• [Task goal]: Using the records below, locate all lines containing "surface" and return them.

• [Source records]:
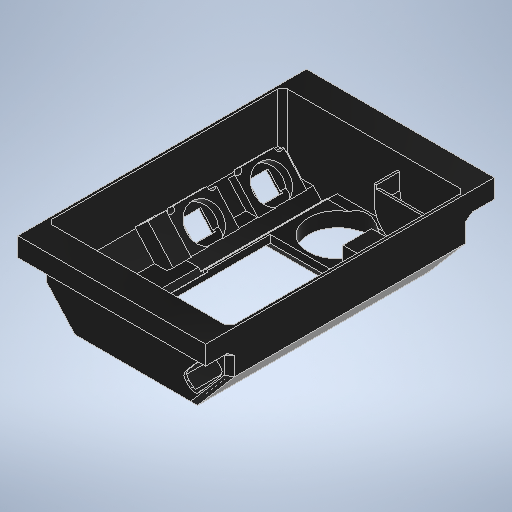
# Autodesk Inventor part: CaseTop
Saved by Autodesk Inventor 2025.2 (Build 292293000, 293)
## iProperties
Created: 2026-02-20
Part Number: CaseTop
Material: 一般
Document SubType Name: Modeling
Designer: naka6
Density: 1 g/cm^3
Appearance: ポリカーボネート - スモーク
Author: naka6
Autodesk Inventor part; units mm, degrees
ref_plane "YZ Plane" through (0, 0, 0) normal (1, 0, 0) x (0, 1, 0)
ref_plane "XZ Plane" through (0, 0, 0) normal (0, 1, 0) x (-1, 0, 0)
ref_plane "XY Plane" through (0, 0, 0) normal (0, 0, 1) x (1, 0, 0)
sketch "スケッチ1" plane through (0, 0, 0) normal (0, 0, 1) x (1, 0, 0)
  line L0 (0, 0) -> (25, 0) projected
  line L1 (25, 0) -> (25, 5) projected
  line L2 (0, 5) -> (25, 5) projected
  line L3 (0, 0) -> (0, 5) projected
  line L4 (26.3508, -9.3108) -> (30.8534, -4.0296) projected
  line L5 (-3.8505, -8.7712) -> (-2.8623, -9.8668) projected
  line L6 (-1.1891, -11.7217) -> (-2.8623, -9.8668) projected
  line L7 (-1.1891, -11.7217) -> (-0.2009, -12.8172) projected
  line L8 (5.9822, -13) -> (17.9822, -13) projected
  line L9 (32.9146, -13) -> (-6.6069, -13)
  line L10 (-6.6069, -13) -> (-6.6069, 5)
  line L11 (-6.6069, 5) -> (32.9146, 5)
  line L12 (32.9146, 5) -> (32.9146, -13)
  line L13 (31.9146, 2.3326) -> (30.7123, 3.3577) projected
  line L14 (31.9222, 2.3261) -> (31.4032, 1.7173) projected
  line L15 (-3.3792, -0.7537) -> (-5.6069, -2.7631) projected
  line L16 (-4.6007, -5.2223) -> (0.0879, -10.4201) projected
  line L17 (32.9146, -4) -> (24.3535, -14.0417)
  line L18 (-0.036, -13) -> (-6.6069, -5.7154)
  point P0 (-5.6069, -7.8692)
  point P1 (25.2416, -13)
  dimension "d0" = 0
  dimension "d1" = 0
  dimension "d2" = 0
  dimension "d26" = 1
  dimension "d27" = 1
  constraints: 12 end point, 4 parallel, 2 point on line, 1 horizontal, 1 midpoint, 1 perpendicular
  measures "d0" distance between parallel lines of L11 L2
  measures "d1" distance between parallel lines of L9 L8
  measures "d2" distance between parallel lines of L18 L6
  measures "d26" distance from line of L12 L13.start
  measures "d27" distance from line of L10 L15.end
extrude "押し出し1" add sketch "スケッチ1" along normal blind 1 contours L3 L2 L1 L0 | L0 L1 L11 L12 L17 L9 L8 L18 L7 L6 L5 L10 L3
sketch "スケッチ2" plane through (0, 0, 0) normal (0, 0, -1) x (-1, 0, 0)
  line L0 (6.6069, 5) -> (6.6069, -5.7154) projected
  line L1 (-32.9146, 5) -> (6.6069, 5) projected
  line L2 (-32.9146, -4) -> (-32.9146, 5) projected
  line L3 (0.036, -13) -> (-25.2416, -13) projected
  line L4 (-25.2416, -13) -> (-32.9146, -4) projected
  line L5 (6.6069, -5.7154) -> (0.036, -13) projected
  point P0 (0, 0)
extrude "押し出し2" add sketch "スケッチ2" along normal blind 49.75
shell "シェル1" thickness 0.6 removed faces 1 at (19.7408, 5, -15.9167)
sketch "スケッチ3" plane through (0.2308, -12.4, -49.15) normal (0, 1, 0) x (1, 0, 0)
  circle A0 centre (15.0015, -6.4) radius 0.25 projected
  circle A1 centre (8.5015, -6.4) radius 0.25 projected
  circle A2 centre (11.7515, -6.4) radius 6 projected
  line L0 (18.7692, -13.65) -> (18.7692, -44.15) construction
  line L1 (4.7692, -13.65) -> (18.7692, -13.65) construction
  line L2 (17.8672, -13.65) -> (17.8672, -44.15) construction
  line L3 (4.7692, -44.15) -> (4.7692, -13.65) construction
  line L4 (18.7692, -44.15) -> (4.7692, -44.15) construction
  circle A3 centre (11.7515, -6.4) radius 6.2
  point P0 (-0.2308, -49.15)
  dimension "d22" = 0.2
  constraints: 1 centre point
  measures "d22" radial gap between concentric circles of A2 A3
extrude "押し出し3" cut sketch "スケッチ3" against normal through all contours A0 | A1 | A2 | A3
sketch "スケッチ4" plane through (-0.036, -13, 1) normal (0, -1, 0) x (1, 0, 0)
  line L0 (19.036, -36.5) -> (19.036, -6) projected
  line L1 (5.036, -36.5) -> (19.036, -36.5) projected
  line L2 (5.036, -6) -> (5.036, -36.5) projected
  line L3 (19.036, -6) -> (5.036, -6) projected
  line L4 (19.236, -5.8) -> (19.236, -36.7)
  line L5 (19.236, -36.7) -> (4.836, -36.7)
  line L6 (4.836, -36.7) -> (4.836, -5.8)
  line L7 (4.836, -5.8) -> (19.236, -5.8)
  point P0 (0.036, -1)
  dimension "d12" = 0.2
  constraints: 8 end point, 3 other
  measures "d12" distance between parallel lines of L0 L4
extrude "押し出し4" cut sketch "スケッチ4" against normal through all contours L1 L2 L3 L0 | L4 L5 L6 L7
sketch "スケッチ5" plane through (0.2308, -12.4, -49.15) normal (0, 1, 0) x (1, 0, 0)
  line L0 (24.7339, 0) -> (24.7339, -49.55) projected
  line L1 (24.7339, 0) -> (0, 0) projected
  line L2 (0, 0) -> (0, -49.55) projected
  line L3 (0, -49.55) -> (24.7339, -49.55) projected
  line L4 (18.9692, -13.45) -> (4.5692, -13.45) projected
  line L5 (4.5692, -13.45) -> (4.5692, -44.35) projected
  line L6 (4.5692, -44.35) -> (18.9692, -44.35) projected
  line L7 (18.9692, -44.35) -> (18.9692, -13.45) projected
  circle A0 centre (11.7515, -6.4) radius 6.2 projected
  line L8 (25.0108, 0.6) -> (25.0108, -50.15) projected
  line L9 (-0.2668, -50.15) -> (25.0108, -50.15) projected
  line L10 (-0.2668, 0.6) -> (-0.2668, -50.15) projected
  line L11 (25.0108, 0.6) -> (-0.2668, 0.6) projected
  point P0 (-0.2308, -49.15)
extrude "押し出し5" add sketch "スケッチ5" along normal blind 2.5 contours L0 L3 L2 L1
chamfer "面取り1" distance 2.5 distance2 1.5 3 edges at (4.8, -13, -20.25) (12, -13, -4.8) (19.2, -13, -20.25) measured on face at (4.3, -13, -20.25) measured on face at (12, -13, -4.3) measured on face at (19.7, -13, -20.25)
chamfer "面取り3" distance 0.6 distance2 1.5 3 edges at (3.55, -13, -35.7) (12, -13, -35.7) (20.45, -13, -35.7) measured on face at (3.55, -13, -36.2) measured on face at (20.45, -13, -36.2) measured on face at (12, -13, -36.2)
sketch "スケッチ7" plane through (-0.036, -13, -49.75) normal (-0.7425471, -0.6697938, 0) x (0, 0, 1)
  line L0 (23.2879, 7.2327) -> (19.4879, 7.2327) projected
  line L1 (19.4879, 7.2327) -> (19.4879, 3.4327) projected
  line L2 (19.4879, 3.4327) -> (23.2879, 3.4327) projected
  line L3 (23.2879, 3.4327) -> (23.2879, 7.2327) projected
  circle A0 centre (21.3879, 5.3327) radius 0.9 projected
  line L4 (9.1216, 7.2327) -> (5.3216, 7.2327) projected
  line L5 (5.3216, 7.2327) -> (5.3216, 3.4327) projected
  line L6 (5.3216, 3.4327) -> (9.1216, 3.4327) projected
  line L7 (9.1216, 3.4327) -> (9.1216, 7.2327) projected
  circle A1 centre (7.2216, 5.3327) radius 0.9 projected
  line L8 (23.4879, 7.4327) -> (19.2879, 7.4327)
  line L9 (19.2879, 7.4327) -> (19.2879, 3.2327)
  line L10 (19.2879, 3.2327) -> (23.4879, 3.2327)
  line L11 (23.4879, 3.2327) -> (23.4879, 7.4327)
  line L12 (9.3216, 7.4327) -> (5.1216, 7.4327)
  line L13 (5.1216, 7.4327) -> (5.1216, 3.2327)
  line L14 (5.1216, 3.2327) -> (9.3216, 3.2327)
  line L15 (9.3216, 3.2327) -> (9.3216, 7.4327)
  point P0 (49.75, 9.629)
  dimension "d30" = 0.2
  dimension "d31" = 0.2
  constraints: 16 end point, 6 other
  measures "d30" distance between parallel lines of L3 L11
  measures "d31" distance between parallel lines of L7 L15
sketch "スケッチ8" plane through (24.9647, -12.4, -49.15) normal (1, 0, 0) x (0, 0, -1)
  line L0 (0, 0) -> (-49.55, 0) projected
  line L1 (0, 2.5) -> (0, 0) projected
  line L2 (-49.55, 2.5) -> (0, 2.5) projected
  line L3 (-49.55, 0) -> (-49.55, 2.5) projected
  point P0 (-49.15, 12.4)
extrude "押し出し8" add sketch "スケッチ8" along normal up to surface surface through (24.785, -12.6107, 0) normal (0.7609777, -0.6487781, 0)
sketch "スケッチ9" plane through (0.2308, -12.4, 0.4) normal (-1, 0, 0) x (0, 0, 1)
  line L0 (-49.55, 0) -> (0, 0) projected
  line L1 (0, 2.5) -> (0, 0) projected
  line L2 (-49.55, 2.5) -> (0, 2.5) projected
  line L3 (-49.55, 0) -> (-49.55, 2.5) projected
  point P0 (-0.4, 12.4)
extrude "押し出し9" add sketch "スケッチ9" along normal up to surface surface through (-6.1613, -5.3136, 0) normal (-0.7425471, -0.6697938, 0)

• [Exercise solution]:
extrude "押し出し8" add sketch "スケッチ8" along normal up to surface surface through (24.785, -12.6107, 0) normal (0.7609777, -0.6487781, 0)
extrude "押し出し9" add sketch "スケッチ9" along normal up to surface surface through (-6.1613, -5.3136, 0) normal (-0.7425471, -0.6697938, 0)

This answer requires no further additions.